Carlo Parlanti: un processo farsa negli USA
Data: Domenica, 19 febbraio 2006 @ 08:36:26 GMT Argomento: Giustizia
Riceviamo e pubblichiamo:
Vi scrivo per ricordarvi una vicenda che sarei felice se poteste darvi una
certa risonanza in qualche modo, solo così posso sperare in un briciolo di giustizia,
che sino ad oggi abbiamo pagato troppo cara senza sentirne nemmeno l’odore.
La vicenda è quella di Carlo Parlanti.
Per darvi una descrizione breve dell’accaduto potete leggere l’ articolo
pubblicato in agosto scorso sull’espresso, con qualche imprecisione
ma rende l’idea di quanto è successo a Carlo. Lo scorso Dicembre si è tenuto
il processo nella contea di Ventura CA, in processo ‘FARSA’, lo potete appurare
leggendo la documentazione che trovate in originale sul sito delle
trascrizioni ufficiali alla sezione Trial File e traduzione di alcune udienze
sul sito sulla
versione italiana in cui non è tradotto ancora tutto, siti realizzati
nella speranza di cambiare qualcosa in questo paese in cui se non sei un personaggio
sei ‘nessuno’.
Io Vi prego di leggere almeno le arringhe finali per rendervi conto che un uomo
è stato condannato, sulla base di pregiudizi, sulla base di situazioni che non
possono essersi verificate perché fisicamente e biologicamente impossibili,
oltre ogni legge logica e fisica.

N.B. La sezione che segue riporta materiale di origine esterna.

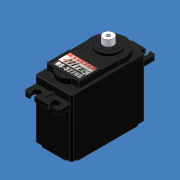
# Autodesk Inventor part: Hitec Servo
Saved by Autodesk Inventor 2012 (Build 160160000, 160)
## iProperties
Shininess: 64.0
Length Units: 11269
Angle Units: 11279
Time Units: 11290
Mass Units: 11283
Length Display Precision: 3
Angle Display Precision: 2
Compacted: True
Part Number: Hitec Servo
Document SubType Name: Modeling
Created: 2006-01-15
Designer: Ed Sparks
Material: ABS Plastic
Density: 1 g/cm^3
Density: 0.0
Volumn: 0.0
Area: 0.0
PropertySet Name: Model Information
Control State: 0
Master: False
Checked Out: False
Author: Ed Sparks
Autodesk Inventor part; units mm, degrees
ref_plane "YZ Plane" through (0, 0, 0) normal (1, 0, 0) x (0, 1, 0)
ref_plane "XZ Plane" through (0, 0, 0) normal (0, 1, 0) x (-1, 0, 0)
sketch "Sketch1" plane through (0, 0, 0) normal (0, 0, 1) x (1, 0, 0)
  line L0 (-20, 10) -> (20, 10)
  line L1 (20, 10) -> (20, -10)
  line L2 (20, -10) -> (-20, -10)
  line L3 (-20, -10) -> (-20, 10)
  line L4 (0, 0) -> (0, 10) construction
  line L5 (0, 0) -> (0, -10) construction
  line L6 (0, 0) -> (20, 0) construction
  line L7 (0, 0) -> (-20, 0) construction
  dimension "d0" = 40
  dimension "d1" = 20
  constraints: 16 end point, 4 midpoint, 4 perpendicular, 3 parallel, 2 collinear, 1 horizontal, 1 other
  measures "d0" distance of L0.start L0.end
  measures "d1" distance of L0.end L1.end
extrude "Extrusion1" add sketch "Sketch1" along normal blind 33
sketch "Sketch2" plane through (0, 0, 33) normal (0, 0, 1) x (1, 0, 0)
  line L0 (20, 10) -> (20, -10) projected
  line L1 (-20, -10) -> (-20, 10) projected
  line L2 (-7.2207, 8.875) -> (14.8541, 8.875)
  line L3 (14.8541, -8.875) -> (-7.2207, -8.875)
  line L4 (0, 0) -> (0, 8.875) construction
  line L5 (0, 0) -> (0, -8.875) construction
  arc A0 (-7.2207, 8.875) -> (-7.2207, -8.875) centre (-10, 0) ccw
  arc A1 (14.8541, -4.875) -> (14.8541, 4.875) centre (11, 0) ccw
  line L6 (14.8541, 8.875) -> (14.8541, 4.875)
  line L7 (14.8541, -4.875) -> (14.8541, -8.875)
  dimension "d4" = 17.75
  dimension "d6" = 18.6
  dimension "d7" = 10
  dimension "d11" = 4
  dimension "d12" = 9
  constraints: 12 end point, 4 point on circle, 3 perpendicular, 2 centre point, 2 collinear, 2 horizontal alignment, 2 point on line, 1 horizontal, 1 parallel, 1 other
  measures "d4" distance of L2.end L3.start
  measures "d6" diameter of A0
  measures "d7" distance from line of A0.centre L1
  measures "d11" distance of L2.end L6.end
  measures "d12" distance from line of L0 A1.centre
extrude "Extrusion2" add sketch "Sketch2" along normal blind 3
sketch "Sketch3" plane through (0, 0, 36) normal (0, 0, 1) x (1, 0, 0)
  arc A0 (-7.2207, 8.875) -> (-7.2207, -8.875) centre (-10, 0) ccw projected
  circle A1 centre (-10, 0) radius 6.45
  dimension "d13" = 12.9
  constraints: 1 centre point, 1 coincident, 1 concentric
  measures "d13" diameter of A1
extrude "Extrusion3" add sketch "Sketch3" along normal blind 1.5
sketch "Sketch4" plane through (-10, 0, 37.5) normal (0, 0, 1) x (1, 0, 0)
  circle A0 centre (0, 0) radius 6.45 projected
  circle A1 centre (0, 0) radius 4.975
  dimension "d16" = 9.95
  constraints: 1 centre point, 1 coincident, 1 concentric
  measures "d16" diameter of A1
extrude "Extrusion4" add sketch "Sketch4" along normal blind 0.5 contours A1
ref_plane "Work Plane1" through (0, 0, 26.5) normal (0, 0, -1) x (-1, 0, 0)
sketch "Sketch5" plane through (0, 0, 26.5) normal (0, 0, -1) x (-1, 0, 0)
  line L0 (-20, 10) -> (-20, -10) projected
  line L1 (-20, -10) -> (20, -10) projected
  line L2 (-20, 10) -> (-20, -10) projected
  line L3 (-20, 10) -> (-20, -10) projected
  line L4 (20, 10) -> (-20, 10) projected
  line L5 (-20, -9.45) -> (-26.4, -9.45)
  line L6 (-26.4, -9.45) -> (-26.4, 9.45)
  line L7 (-26.4, 9.45) -> (-20, 9.45)
  line L8 (-20, 9.45) -> (-20, -9.45)
  line L9 (-20, -10) -> (-20, -9.45) construction
  line L10 (-20, 9.45) -> (-20, 10) construction
  dimension "d20" = 18.9
  dimension "d21" = 6.4
  constraints: 12 end point, 3 collinear, 2 parallel, 2 perpendicular, 1 horizontal
  measures "d20" distance of L5.end L6.end
  measures "d21" distance of L6.end L7.end
extrude "Extrusion5" add sketch "Sketch5" against normal blind 2.5
sketch "Sketch6" plane through (0, 0, 29) normal (0, 0, 1) x (1, 0, 0)
  line L0 (20, -9.45) -> (20, 9.45) projected
  line L1 (26.4, 9.45) -> (26.4, -9.45) projected
  line L2 (20, 9.45) -> (26.4, 9.45) projected
  circle A0 centre (-10, 0) radius 4.975 projected
  arc A1 (25.6748, 6.4) -> (25.6748, 3.8) centre (23.9, 5.1) ccw
  line L3 (25.6748, 6.4) -> (26.4, 6.4)
  line L4 (25.6748, 3.8) -> (26.4, 3.8)
  dimension "d26" = 3.9
  dimension "d27" = 5.1
  dimension "d28" = 4.4
  dimension "d29" = 2.6
  constraints: 4 end point, 3 parallel, 2 point on circle, 2 point on line, 1 centre point
  measures "d26" distance from line of A1.centre L0
  measures "d27" vertical distance of A1.centre A0.centre
  measures "d28" diameter of A1
  measures "d29" distance between parallel lines of L4 L3
extrude "Extrusion6" cut sketch "Sketch6" against normal through all contours L1 L4 A1 L3
mirror "Mirror2" about plane through (0, 0, 0) normal (0, 1, 0) of "Extrusion6"
sketch "Sketch7" plane through (0, 0, 29) normal (0, 0, 1) x (1, 0, 0)
  line L0 (20, -9.45) -> (20, 9.45) projected
  line L1 (20, 10) -> (20, -10) projected
  line L2 (20, 0.58) -> (23.42, 0.58)
  line L3 (24, 0) -> (24, 0)
  line L4 (23.42, -0.58) -> (20, -0.58)
  line L5 (20, -0.58) -> (20, 0.58)
  circle A0 centre (-10, 0) radius 4.975 projected
  line L6 (-10, 0) -> (32.8804, 0) construction
  line L7 (20, 0) -> (20, 0.58) construction
  line L8 (20, 0) -> (20, -0.58) construction
  arc A1 (24, 0) -> (23.42, 0.58) centre (23.42, 0) ccw
  arc A2 (23.42, -0.58) -> (24, 0) centre (23.42, 0) ccw
  point P0 (24, -0.58)
  point P1 (24, 0.58)
  dimension "d33" = 1.16
  dimension "d34" = 4
  dimension "d35" = 0.58
  constraints: 14 end point, 5 point on line, 4 collinear, 4 point on circle, 4 tangent, 2 centre point, 2 parallel, 2 perpendicular, 1 concentric, 1 horizontal, 1 midpoint
  measures "d33" distance of point (24, 0.58) point (24, -0.58)
  measures "d34" distance of point (24, -0.58) L4.end
  measures "d35" radius of A1
extrude "Extrusion7" add sketch "Sketch7" along normal blind 0.9 contours L0 L2 A1 A2 L4
mirror "Mirror3" about plane through (0, 0, 0) normal (1, 0, 0) of "Extrusion6", "Extrusion5", "Mirror2", "Extrusion7"
fillet "Fillet2" radius 1 4 edges at (-26.4, -9.45, 27.75) (-26.4, 9.45, 27.75) (26.4, 9.45, 27.75) (26.4, -9.45, 27.75)
sketch "Sketch8" plane through (0, 0, 0) normal (0, 0, -1) x (-1, 0, 0)
  line L0 (-20, 10) -> (-16, 10)
  line L1 (-16, 10) -> (-16, 6)
  line L2 (-16, 6) -> (-20, 6)
  line L3 (-20, 6) -> (-20, 10)
  dimension "d39" = 4
  constraints: 8 end point, 2 parallel, 2 perpendicular, 1 horizontal
  measures "d39" distance of L0.end L1.end
extrude "Extrusion8" cut sketch "Sketch8" against normal blind 1.5
sketch "Sketch12" plane through (0, 0, 1.5) normal (0, 0, -1) x (-1, 0, 0)
  line L0 (-20, 6) -> (-20, 10) projected
  line L1 (20, 10) -> (-16, 10) projected
  point P0 (-18, 8)
  dimension "d64" = 2
  dimension "d65" = 2
  measures "d64" distance from line of point (-18, 8) L1
  measures "d65" distance from line of L0 point (-18, 8)
hole "Hole1" at (18, 8, 1.5) direction (0, 0, 1) diameter 1.8 depth 8 tip angle 118
mirror "Mirror4" about plane through (0, 0, 0) normal (1, 0, 0) of "Extrusion8", "Hole1"
mirror "Mirror5" about plane through (0, 0, 0) normal (0, 1, 0) of "Extrusion8", "Mirror4", "Hole1"
fillet "Fillet4" radius 2 4 edges at (-16, 6, 0.75) (-16, -6, 0.75) (16, 6, 0.75) (16, -6, 0.75)
chamfer "Chamfer1" distance 0.25 angle 45 4 edges at (0, -10, 33) (20, 0, 33) (0, 10, 33) (-20, 0, 33)
fillet "Fillet5" radius 1 4 edges at (20, -10, 17.125) (-20, -10, 17.125) (-20, 10, 17.125) (20, 10, 17.125)
chamfer "Chamfer2" distance 0.75 angle 45 4 edges at (0, -10, 0) (-20, 0, 0) (0, 10, 0) (20, 0, 0)
sketch "Sketch9" plane through (-10, 0, 38) normal (0, 0, 1) x (1, 0, 0)
  circle A0 centre (0, 0) radius 4.975 projected
  circle A1 centre (0, 0) radius 2.85
  circle A2 centre (0, 0) radius 1
  dimension "d49" = 5.7
  dimension "d52" = 2
  constraints: 2 centre point, 2 coincident, 2 concentric
  measures "d49" diameter of A1
  measures "d52" diameter of A2
extrude "Extrusion9" add sketch "Sketch9" along normal blind 3.4 contours A1
fillet "Fillet6" radius 0.5 2 edges at (14.8541, -8.875, 34.5) (14.8541, 8.875, 34.5)
sketch "Sketch10" plane through (0, 0, 36) normal (0, 0, 1) x (1, 0, 0)
  arc A0 (14.8541, 8.375) -> (14.3541, 8.875) centre (14.3541, 8.375) ccw projected
  line L0 (-7.2207, 8.875) -> (14.3541, 8.875) projected
  line L1 (14.3541, -8.875) -> (-7.2207, -8.875) projected
  arc A1 (14.3541, -8.875) -> (14.8541, -8.375) centre (14.3541, -8.375) ccw projected
  line L2 (14.8541, -4.875) -> (14.8541, -8.375) projected
  arc A2 (14.8541, -4.875) -> (14.8541, 4.875) centre (11, 0) ccw projected
  line L3 (14.8541, 8.375) -> (14.8541, 4.875) projected
  line L4 (14.8541, 4.875) -> (14.8541, -4.875)
  circle A3 centre (-10, 0) radius 4.975 projected
  arc A4 (2.0041, 2) -> (2.0041, -2) centre (2.0041, 0) ccw
  line L5 (2.0041, 8.875) -> (2.0041, 2)
  line L6 (2.0041, -2) -> (2.0041, -8.875)
  dimension "d55" = 4
  constraints: 6 end point, 2 parallel, 2 point on circle, 2 point on line, 1 centre point, 1 collinear, 1 horizontal alignment
  measures "d55" diameter of A4
extrude "Extrusion10" add sketch "Sketch10" along normal blind 0.5 contours L3 L4 L2 A1 L1 L6 A4 L5 L0 A0
fillet "Fillet7" radius 0.5 2 edges at (2.0041, 8.875, 36.25) (2.0041, -8.875, 36.25)
sketch "Sketch11" plane through (0, 0, 36.5) normal (0, 0, 1) x (1, 0, 0)
  line L0 (14.3541, -8.875) -> (2.5041, -8.875) projected
  line L1 (14.8541, 8.375) -> (14.8541, -8.375) projected
  line L2 (2.5041, 8.875) -> (14.3541, 8.875) projected
  line L3 (2.0041, 2) -> (2.0041, 8.375) projected
  line L4 (3.0041, 7.875) -> (13.8541, 7.875)
  line L5 (13.8541, 7.875) -> (13.8541, -7.875)
  line L6 (13.8541, -7.875) -> (3.0041, -7.875)
  line L7 (3.0041, -7.875) -> (3.0041, 7.875)
  line L8 (3.0041, 7.875) -> (2.0041, 7.875) construction
  line L9 (13.8541, -7.875) -> (14.8541, -7.875) construction
  dimension "d59" = 1
  dimension "d60" = 1
  dimension "d61" = 1
  constraints: 12 end point, 3 parallel, 3 perpendicular, 2 point on line, 1 horizontal
  measures "d59" distance between parallel lines of L2 L4
  measures "d60" distance between parallel lines of L1 L5
  measures "d61" distance between parallel lines of L0 L6
extrude "Extrusion11" cut sketch "Sketch11" against normal blind 0.5
decal "Decal1"
sketch "Sketch13" plane through (0, 0, 36) normal (0, 0, 1) x (1, 0, 0)
  line L0 (3.0041, 7.875) -> (3.0041, -7.875) projected
  line L1 (3.0041, -7.875) -> (13.8541, -7.875) projected
  line L2 (13.8541, 7.875) -> (3.0041, 7.875) projected
  line L3 (3.0041, -7.875) -> (3.0041, 7.875) construction
  line L4 (3.0041, 7.875) -> (14.1415, 7.875) construction
  line L5 (14.1415, 7.875) -> (14.1415, -7.875) construction
  line L6 (14.1415, -7.875) -> (3.0041, -7.875) construction
  constraints: 3 collinear, 2 other
body "Solid1"

Cerco di spiegarmi meglio su quali siano le
colpe di Carlo: le colpe di Carlo, sempre secondo il procuratore:"L'imputato,
molto chiaramente, si immagina di essere un Don Giovanni, lui ama uscire ed
incontrare donne, lui ama parlare con le donne, lui ama come le donne lo fanno
sentire." (arringa dell'accusa pag 8 linea 21) Sono solo questi gli unici moventi
ascritti a Carlo.
Perchè l'accanimento? Di sicuro tutto è cominciato con una donna tradita, abbandonata
ed arrabbiata (arringa della difesa, pag.45 linea 21) tanto da negare di essere
stata abbandonata pur di cercare credibilità (arringa della difesa pag. 44 linea
1, pag 45 linea pag 46 linea 6). Il tutto è poi sicuramente evoluto nella classica
situazione "torna o ti denuncio" ; sono state addirittura presentate e-mails
della "vittima" in cui lei dichiara cose del tipo :"gli ho dato 3 settimane
per aggiustare le cose, e lui non pensa di avermi fatto niente. Quindi questa
è la storia. Becca" (arringa della difesa pag. 48 L11) La "vittima" ha addirittura
fatto queste dichiarazioni ai detectives della polizia: "ho provato a fare la
pace con lui, dargli una possibilità per riparare quello che ha fatto, ma lui
chiama altre donne parla con loro invece che con me (arringa difesa pag 46L18).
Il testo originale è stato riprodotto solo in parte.